# Recent pictures of Kaiser



## rach1980 (May 1, 2008)

Well i haven't posted any pictures of Kaiser lately so i thought i would share a couple with you

Doesn't he look comfy in this picture, 1 of his fav positions to sit in










Smiling for the camera










Looking all handsome


----------



## RachyBobs (Oct 18, 2009)

Aww hes gorgeous :001_wub:


----------



## *WillsTillsBills* (May 12, 2009)

hes a real cutie!


----------



## babycham2002 (Oct 18, 2009)

ooo I think I'm in love :001_tt1::001_tt1::001_tt1:


----------



## emmilouno1 (Jan 3, 2010)

wow!! he is one good looking GSD!


----------



## Spaniel mad (Jul 17, 2009)

Is kaisers breeder is scotland????


----------



## Guest (Jan 5, 2010)

Gorgeous :wink:


----------



## mitch4 (Oct 31, 2009)

a handsom chappy :smile5:


----------



## sarahberra (Jun 26, 2009)

Nice name and great pics. The one by the couch is the best. Thanks for sharing.


----------



## lozza84 (Jul 19, 2008)

_awwww great pics!!! he is a handsome boy indeed !! :001_tt1:_


----------



## rach1980 (May 1, 2008)

Thanks for the nice comments



Spaniel mad said:


> Is kaisers breeder is scotland????


No Kaisers breeder is from near birmingham. His breeder is Nikonis GSD


----------



## Natik (Mar 9, 2008)

haha cobi likes to sit down in the same position like urs in the 1st pic.... 
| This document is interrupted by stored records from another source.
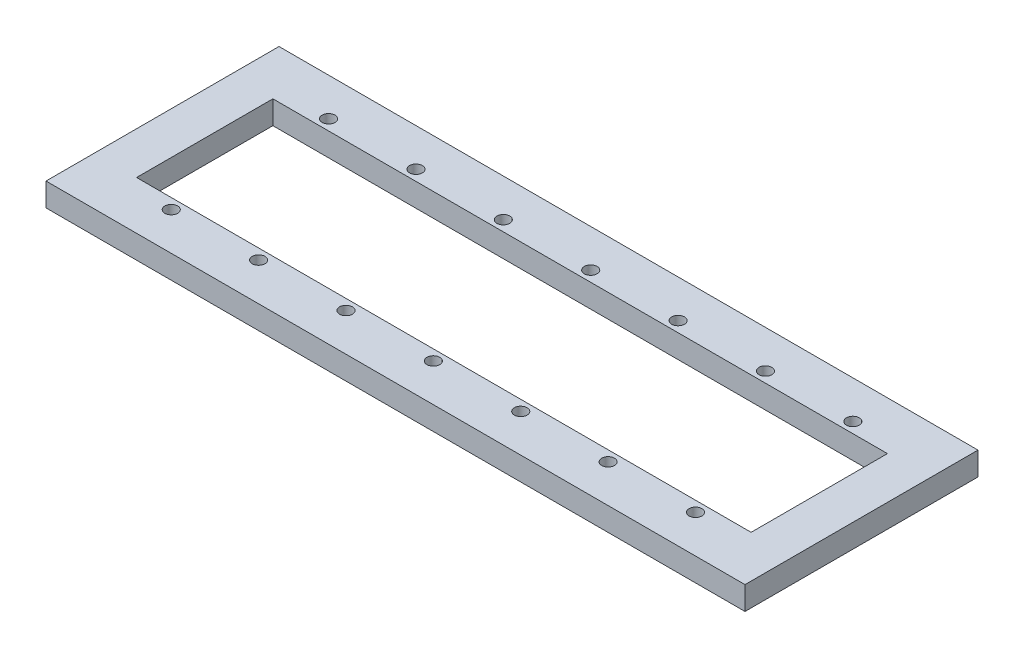
ISO-10303-21;
HEADER;
FILE_DESCRIPTION(('STEP AP214'),'2;1');
FILE_NAME('part.step','',(''),(''),'','','');
FILE_SCHEMA(('AUTOMOTIVE_DESIGN { 1 0 10303 214 1 1 1 1 }'));
ENDSEC;
DATA;
#1=APPLICATION_CONTEXT('core data for automotive mechanical design processes');
#2=APPLICATION_PROTOCOL_DEFINITION('international standard','automotive_design',2000,#1);
#3=PRODUCT_CONTEXT('',#1,'mechanical');
#4=PRODUCT('Part','Part','',(#3));
#5=PRODUCT_RELATED_PRODUCT_CATEGORY('part','',(#4));
#6=PRODUCT_DEFINITION_FORMATION('','',#4);
#7=PRODUCT_DEFINITION_CONTEXT('part definition',#1,'design');
#8=PRODUCT_DEFINITION('design','',#6,#7);
#9=PRODUCT_DEFINITION_SHAPE('','',#8);
#10=(LENGTH_UNIT() NAMED_UNIT(*) SI_UNIT(.MILLI.,.METRE.));
#11=(NAMED_UNIT(*) PLANE_ANGLE_UNIT() SI_UNIT($,.RADIAN.));
#12=(NAMED_UNIT(*) SI_UNIT($,.STERADIAN.) SOLID_ANGLE_UNIT());
#13=UNCERTAINTY_MEASURE_WITH_UNIT(LENGTH_MEASURE(1.E-05),#10,'distance_accuracy_value','');
#14=(GEOMETRIC_REPRESENTATION_CONTEXT(3) GLOBAL_UNCERTAINTY_ASSIGNED_CONTEXT((#13)) GLOBAL_UNIT_ASSIGNED_CONTEXT((#10,
#11,#12)) REPRESENTATION_CONTEXT('',''));
#15=CARTESIAN_POINT('',(0.,0.,0.));
#16=DIRECTION('',(0.,0.,1.));
#17=DIRECTION('',(1.,0.,0.));
#18=AXIS2_PLACEMENT_3D('',#15,#16,#17);
#19=CARTESIAN_POINT('',(-60.,4.,-20.));
#20=DIRECTION('',(1.,0.,0.));
#21=DIRECTION('',(0.,0.,-1.));
#22=AXIS2_PLACEMENT_3D('',#19,#20,#21);
#23=PLANE('',#22);
#24=DIRECTION('',(0.,0.,1.));
#25=VECTOR('',#24,1.);
#26=CARTESIAN_POINT('',(-60.,0.,-20.));
#27=LINE('',#26,#25);
#28=CARTESIAN_POINT('',(-60.,0.,-20.));
#29=VERTEX_POINT('',#28);
#30=CARTESIAN_POINT('',(-60.,0.,20.));
#31=VERTEX_POINT('',#30);
#32=EDGE_CURVE('E215',#29,#31,#27,.T.);
#33=ORIENTED_EDGE('',*,*,#32,.T.);
#34=DIRECTION('',(0.,-1.,0.));
#35=VECTOR('',#34,1.);
#36=CARTESIAN_POINT('',(-60.,4.,20.));
#37=LINE('',#36,#35);
#38=CARTESIAN_POINT('',(-60.,4.,20.));
#39=VERTEX_POINT('',#38);
#40=EDGE_CURVE('E11',#39,#31,#37,.T.);
#41=ORIENTED_EDGE('',*,*,#40,.F.);
#42=DIRECTION('',(0.,0.,1.));
#43=VECTOR('',#42,1.);
#44=CARTESIAN_POINT('',(-60.,4.,-20.));
#45=LINE('',#44,#43);
#46=CARTESIAN_POINT('',(-60.,4.,-20.));
#47=VERTEX_POINT('',#46);
#48=EDGE_CURVE('E218',#47,#39,#45,.T.);
#49=ORIENTED_EDGE('',*,*,#48,.F.);
#50=DIRECTION('',(0.,-1.,0.));
#51=VECTOR('',#50,1.);
#52=CARTESIAN_POINT('',(-60.,4.,-20.));
#53=LINE('',#52,#51);
#54=EDGE_CURVE('E228',#47,#29,#53,.T.);
#55=ORIENTED_EDGE('',*,*,#54,.T.);
#56=EDGE_LOOP('',(#33,#41,#49,#55));
#57=FACE_BOUND('',#56,.T.);
#58=ADVANCED_FACE('F33',(#57),#23,.F.);
#59=CARTESIAN_POINT('',(60.,4.,20.));
#60=DIRECTION('',(0.,0.,-1.));
#61=DIRECTION('',(-1.,0.,0.));
#62=AXIS2_PLACEMENT_3D('',#59,#60,#61);
#63=PLANE('',#62);
#64=DIRECTION('',(1.,0.,0.));
#65=VECTOR('',#64,1.);
#66=CARTESIAN_POINT('',(60.,0.,20.));
#67=LINE('',#66,#65);
#68=CARTESIAN_POINT('',(60.,0.,20.));
#69=VERTEX_POINT('',#68);
#70=EDGE_CURVE('E231',#31,#69,#67,.T.);
#71=ORIENTED_EDGE('',*,*,#70,.T.);
#72=DIRECTION('',(0.,-1.,0.));
#73=VECTOR('',#72,1.);
#74=CARTESIAN_POINT('',(60.,4.,20.));
#75=LINE('',#74,#73);
#76=CARTESIAN_POINT('',(60.,4.,20.));
#77=VERTEX_POINT('',#76);
#78=EDGE_CURVE('E40',#77,#69,#75,.T.);
#79=ORIENTED_EDGE('',*,*,#78,.F.);
#80=DIRECTION('',(1.,0.,0.));
#81=VECTOR('',#80,1.);
#82=CARTESIAN_POINT('',(60.,4.,20.));
#83=LINE('',#82,#81);
#84=EDGE_CURVE('E221',#39,#77,#83,.T.);
#85=ORIENTED_EDGE('',*,*,#84,.F.);
#86=ORIENTED_EDGE('',*,*,#40,.T.);
#87=EDGE_LOOP('',(#71,#79,#85,#86));
#88=FACE_BOUND('',#87,.T.);
#89=ADVANCED_FACE('F260',(#88),#63,.F.);
#90=CARTESIAN_POINT('',(60.,4.,-20.));
#91=DIRECTION('',(-1.,0.,0.));
#92=DIRECTION('',(0.,0.,1.));
#93=AXIS2_PLACEMENT_3D('',#90,#91,#92);
#94=PLANE('',#93);
#95=DIRECTION('',(0.,0.,-1.));
#96=VECTOR('',#95,1.);
#97=CARTESIAN_POINT('',(60.,0.,-20.));
#98=LINE('',#97,#96);
#99=CARTESIAN_POINT('',(60.,0.,-20.));
#100=VERTEX_POINT('',#99);
#101=EDGE_CURVE('E233',#69,#100,#98,.T.);
#102=ORIENTED_EDGE('',*,*,#101,.T.);
#103=DIRECTION('',(0.,-1.,0.));
#104=VECTOR('',#103,1.);
#105=CARTESIAN_POINT('',(60.,4.,-20.));
#106=LINE('',#105,#104);
#107=CARTESIAN_POINT('',(60.,4.,-20.));
#108=VERTEX_POINT('',#107);
#109=EDGE_CURVE('E238',#108,#100,#106,.T.);
#110=ORIENTED_EDGE('',*,*,#109,.F.);
#111=DIRECTION('',(0.,0.,-1.));
#112=VECTOR('',#111,1.);
#113=CARTESIAN_POINT('',(60.,4.,-20.));
#114=LINE('',#113,#112);
#115=EDGE_CURVE('E224',#77,#108,#114,.T.);
#116=ORIENTED_EDGE('',*,*,#115,.F.);
#117=ORIENTED_EDGE('',*,*,#78,.T.);
#118=EDGE_LOOP('',(#102,#110,#116,#117));
#119=FACE_BOUND('',#118,.T.);
#120=ADVANCED_FACE('F245',(#119),#94,.F.);
#121=CARTESIAN_POINT('',(60.,4.,-20.));
#122=DIRECTION('',(0.,0.,1.));
#123=DIRECTION('',(1.,0.,0.));
#124=AXIS2_PLACEMENT_3D('',#121,#122,#123);
#125=PLANE('',#124);
#126=DIRECTION('',(-1.,0.,0.));
#127=VECTOR('',#126,1.);
#128=CARTESIAN_POINT('',(60.,0.,-20.));
#129=LINE('',#128,#127);
#130=EDGE_CURVE('E222',#100,#29,#129,.T.);
#131=ORIENTED_EDGE('',*,*,#130,.T.);
#132=ORIENTED_EDGE('',*,*,#54,.F.);
#133=DIRECTION('',(-1.,0.,0.));
#134=VECTOR('',#133,1.);
#135=CARTESIAN_POINT('',(60.,4.,-20.));
#136=LINE('',#135,#134);
#137=EDGE_CURVE('E226',#108,#47,#136,.T.);
#138=ORIENTED_EDGE('',*,*,#137,.F.);
#139=ORIENTED_EDGE('',*,*,#109,.T.);
#140=EDGE_LOOP('',(#131,#132,#138,#139));
#141=FACE_BOUND('',#140,.T.);
#142=ADVANCED_FACE('F253',(#141),#125,.F.);
#143=CARTESIAN_POINT('',(0.,4.,0.));
#144=DIRECTION('',(0.,-1.,0.));
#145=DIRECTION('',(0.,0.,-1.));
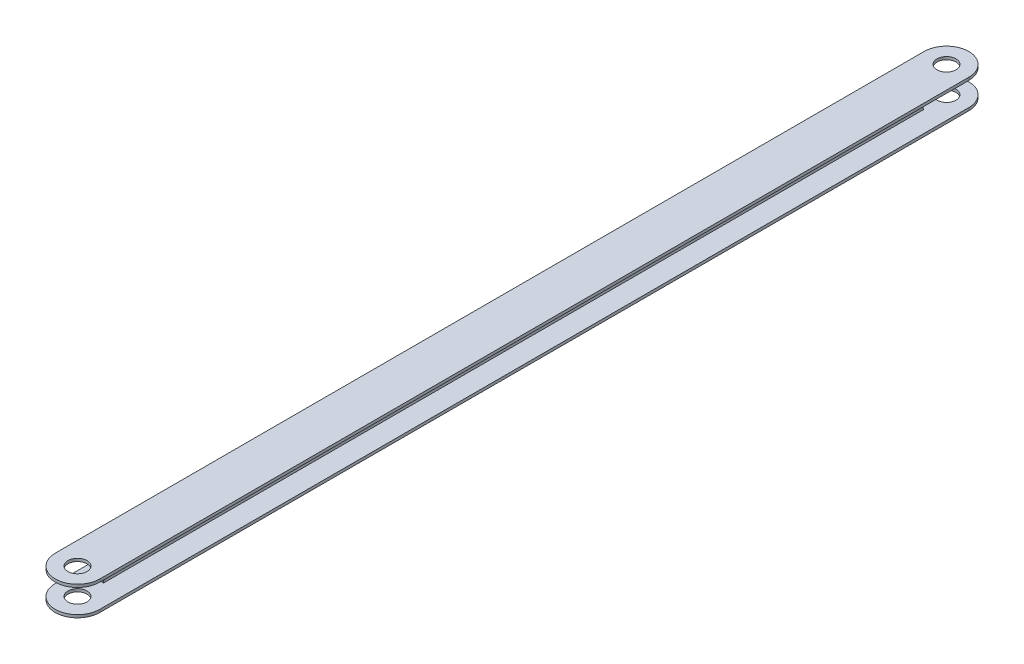
ISO-10303-21;
HEADER;
FILE_DESCRIPTION(('STEP AP214'),'2;1');
FILE_NAME('part.step','',(''),(''),'','','');
FILE_SCHEMA(('AUTOMOTIVE_DESIGN { 1 0 10303 214 1 1 1 1 }'));
ENDSEC;
DATA;
#1=APPLICATION_CONTEXT('core data for automotive mechanical design processes');
#2=APPLICATION_PROTOCOL_DEFINITION('international standard','automotive_design',2000,#1);
#3=PRODUCT_CONTEXT('',#1,'mechanical');
#4=PRODUCT('Part','Part','',(#3));
#5=PRODUCT_RELATED_PRODUCT_CATEGORY('part','',(#4));
#6=PRODUCT_DEFINITION_FORMATION('','',#4);
#7=PRODUCT_DEFINITION_CONTEXT('part definition',#1,'design');
#8=PRODUCT_DEFINITION('design','',#6,#7);
#9=PRODUCT_DEFINITION_SHAPE('','',#8);
#10=(LENGTH_UNIT() NAMED_UNIT(*) SI_UNIT(.MILLI.,.METRE.));
#11=(NAMED_UNIT(*) PLANE_ANGLE_UNIT() SI_UNIT($,.RADIAN.));
#12=(NAMED_UNIT(*) SI_UNIT($,.STERADIAN.) SOLID_ANGLE_UNIT());
#13=UNCERTAINTY_MEASURE_WITH_UNIT(LENGTH_MEASURE(1.E-05),#10,'distance_accuracy_value','');
#14=(GEOMETRIC_REPRESENTATION_CONTEXT(3) GLOBAL_UNCERTAINTY_ASSIGNED_CONTEXT((#13)) GLOBAL_UNIT_ASSIGNED_CONTEXT((#10,
#11,#12)) REPRESENTATION_CONTEXT('',''));
#15=CARTESIAN_POINT('',(0.,0.,0.));
#16=DIRECTION('',(0.,0.,1.));
#17=DIRECTION('',(1.,0.,0.));
#18=AXIS2_PLACEMENT_3D('',#15,#16,#17);
#19=CARTESIAN_POINT('',(-0.599999999999684,1.66533453693773E-12,389.000000000002));
#20=DIRECTION('',(1.,0.,0.));
#21=DIRECTION('',(0.,0.999999999999998,0.));
#22=AXIS2_PLACEMENT_3D('',#19,#20,#21);
#23=PLANE('',#22);
#24=DIRECTION('',(0.,0.999999999999998,0.));
#25=VECTOR('',#24,1.);
#26=CARTESIAN_POINT('',(-0.599999999999684,1.66533453693773E-12,369.000000000002));
#27=LINE('',#26,#25);
#28=CARTESIAN_POINT('',(-0.599999999999629,-5.,369.000000000002));
#29=VERTEX_POINT('',#28);
#30=CARTESIAN_POINT('',(-0.599999999999462,-4.51763554259088,369.000000000002));
#31=VERTEX_POINT('',#30);
#32=EDGE_CURVE('E232',#29,#31,#27,.T.);
#33=ORIENTED_EDGE('',*,*,#32,.T.);
#34=CARTESIAN_POINT('',(-0.599999999999823,-4.51763554259244,368.000000000002));
#35=DIRECTION('',(1.,0.,0.));
#36=DIRECTION('',(0.,-0.999999999999998,0.));
#37=AXIS2_PLACEMENT_3D('',#34,#35,#36);
#38=CIRCLE('',#37,1.);
#39=CARTESIAN_POINT('',(-0.599999999999656,-3.61410843407284,368.428530937243));
#40=VERTEX_POINT('',#39);
#41=EDGE_CURVE('E516',#31,#40,#38,.F.);
#42=ORIENTED_EDGE('',*,*,#41,.T.);
#43=CARTESIAN_POINT('',(-0.599999999999656,1.55431223447522E-12,370.142654686205));
#44=DIRECTION('',(1.,0.,0.));
#45=DIRECTION('',(0.,-0.999999999999998,0.));
#46=AXIS2_PLACEMENT_3D('',#43,#44,#45);
#47=CIRCLE('',#46,4.);
#48=CARTESIAN_POINT('',(-0.599999999999906,3.61410843407561,368.428530937242));
#49=VERTEX_POINT('',#48);
#50=EDGE_CURVE('E286',#40,#49,#47,.T.);
#51=ORIENTED_EDGE('',*,*,#50,.T.);
#52=CARTESIAN_POINT('',(-0.599999999999379,4.5176355425941,368.000000000002));
#53=DIRECTION('',(1.,0.,0.));
#54=DIRECTION('',(0.,-0.999999999999998,0.));
#55=AXIS2_PLACEMENT_3D('',#52,#53,#54);
#56=CIRCLE('',#55,1.);
#57=CARTESIAN_POINT('',(-0.599999999999296,4.5176355425941,369.000000000002));
#58=VERTEX_POINT('',#57);
#59=EDGE_CURVE('E241',#49,#58,#56,.F.);
#60=ORIENTED_EDGE('',*,*,#59,.T.);
#61=DIRECTION('',(0.,0.999999999999998,0.));
#62=VECTOR('',#61,1.);
#63=CARTESIAN_POINT('',(-0.599999999999684,1.66533453693773E-12,369.000000000002));
#64=LINE('',#63,#62);
#65=CARTESIAN_POINT('',(-0.599999999998851,5.,369.000000000002));
#66=VERTEX_POINT('',#65);
#67=EDGE_CURVE('E224',#58,#66,#64,.T.);
#68=ORIENTED_EDGE('',*,*,#67,.T.);
#69=DIRECTION('',(0.,0.,-1.00000000000001));
#70=VECTOR('',#69,1.);
#71=CARTESIAN_POINT('',(-0.59999999999924,5.00000000000167,389.000000000002));
#72=LINE('',#71,#70);
#73=CARTESIAN_POINT('',(-0.599999999999684,5.00000000000167,20.));
#74=VERTEX_POINT('',#73);
#75=EDGE_CURVE('E237',#66,#74,#72,.T.);
#76=ORIENTED_EDGE('',*,*,#75,.T.);
#77=DIRECTION('',(0.,0.999999999999998,0.));
#78=VECTOR('',#77,1.);
#79=CARTESIAN_POINT('',(-0.600000000000017,1.66533453693773E-12,20.0000000000005));
#80=LINE('',#79,#78);
#81=CARTESIAN_POINT('',(-0.600000000000156,4.5176355425941,20.0000000000007));
#82=VERTEX_POINT('',#81);
#83=EDGE_CURVE('E309',#82,#74,#80,.T.);
#84=ORIENTED_EDGE('',*,*,#83,.F.);
#85=CARTESIAN_POINT('',(-0.599999999999962,4.51763554259421,21.0000000000004));
#86=DIRECTION('',(-1.,0.,0.));
#87=DIRECTION('',(0.,-0.999999999999998,0.));
#88=AXIS2_PLACEMENT_3D('',#85,#86,#87);
#89=CIRCLE('',#88,1.);
#90=CARTESIAN_POINT('',(-0.599999999999851,3.61410843407406,20.5714690627595));
#91=VERTEX_POINT('',#90);
#92=EDGE_CURVE('E306',#91,#82,#89,.F.);
#93=ORIENTED_EDGE('',*,*,#92,.F.);
#94=CARTESIAN_POINT('',(-0.600000000000156,1.66533453693773E-12,18.857345313798));
#95=DIRECTION('',(-1.,0.,0.));
#96=DIRECTION('',(0.,-0.999999999999998,0.));
#97=AXIS2_PLACEMENT_3D('',#94,#95,#96);
#98=CIRCLE('',#97,4.);
#99=CARTESIAN_POINT('',(-0.599999999999989,-3.61410843407239,20.5714690627596));
#100=VERTEX_POINT('',#99);
#101=EDGE_CURVE('E303',#100,#91,#98,.T.);
#102=ORIENTED_EDGE('',*,*,#101,.F.);
#103=CARTESIAN_POINT('',(-0.600000000000017,-4.51763554259088,21.0000000000009));
#104=DIRECTION('',(-1.,0.,0.));
#105=DIRECTION('',(0.,-0.999999999999998,0.));
#106=AXIS2_PLACEMENT_3D('',#103,#104,#105);
#107=CIRCLE('',#106,1.);
#108=CARTESIAN_POINT('',(-0.599999999999906,-4.51763554259077,20.0000000000002));
#109=VERTEX_POINT('',#108);
#110=EDGE_CURVE('E300',#109,#100,#107,.F.);
#111=ORIENTED_EDGE('',*,*,#110,.F.);
#112=DIRECTION('',(0.,0.999999999999998,0.));
#113=VECTOR('',#112,1.);
#114=CARTESIAN_POINT('',(-0.600000000000017,1.66533453693773E-12,20.0000000000005));
#115=LINE('',#114,#113);
#116=CARTESIAN_POINT('',(-0.599999999999989,-5.,20.));
#117=VERTEX_POINT('',#116);
#118=EDGE_CURVE('E297',#117,#109,#115,.T.);
#119=ORIENTED_EDGE('',*,*,#118,.F.);
#120=DIRECTION('',(0.,0.,-1.00000000000001));
#121=VECTOR('',#120,1.);
#122=CARTESIAN_POINT('',(-0.599999999999684,-4.99999999999834,389.000000000002));
#123=LINE('',#122,#121);
#124=EDGE_CURVE('E249',#29,#117,#123,.T.);
#125=ORIENTED_EDGE('',*,*,#124,.F.);
#126=EDGE_LOOP('',(#33,#42,#51,#60,#68,#76,#84,#93,#102,#111,#119,#125));
#127=FACE_BOUND('',#126,.T.);
#128=ADVANCED_FACE('F81',(#127),#23,.F.);
#129=CARTESIAN_POINT('',(0.600000000000572,0.,389.000000000002));
#130=DIRECTION('',(1.,0.,0.));
#131=DIRECTION('',(0.,0.999999999999998,0.));
#132=AXIS2_PLACEMENT_3D('',#129,#130,#131);
#133=PLANE('',#132);
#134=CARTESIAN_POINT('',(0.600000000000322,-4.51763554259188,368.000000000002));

ur dog is really stunning... love his face :001_tt1:


----------



## sarasam (Apr 14, 2009)

Hello wotta beauty he reminded me of my gorgeous girl Ruby ( r.i.p ) brought a tear to my eyes, my girl was my universe we had almost 14 fantastic years together!!! x x x


----------



## Cavalierlover123 (May 27, 2009)

Kaiser is gorgeous!! :001_wub:


----------



## alaun (Jul 21, 2009)

Brilliant name for GSD, he looks very comfy


----------



## Matrix/Logan (May 7, 2009)

What a handsome beastie!! X


----------



## simplysardonic (Sep 1, 2009)

He's lovely


----------



## Acacia86 (Dec 30, 2008)

Definately a handsome boy!! Lol! I love the one of him laid down by the sofa!


----------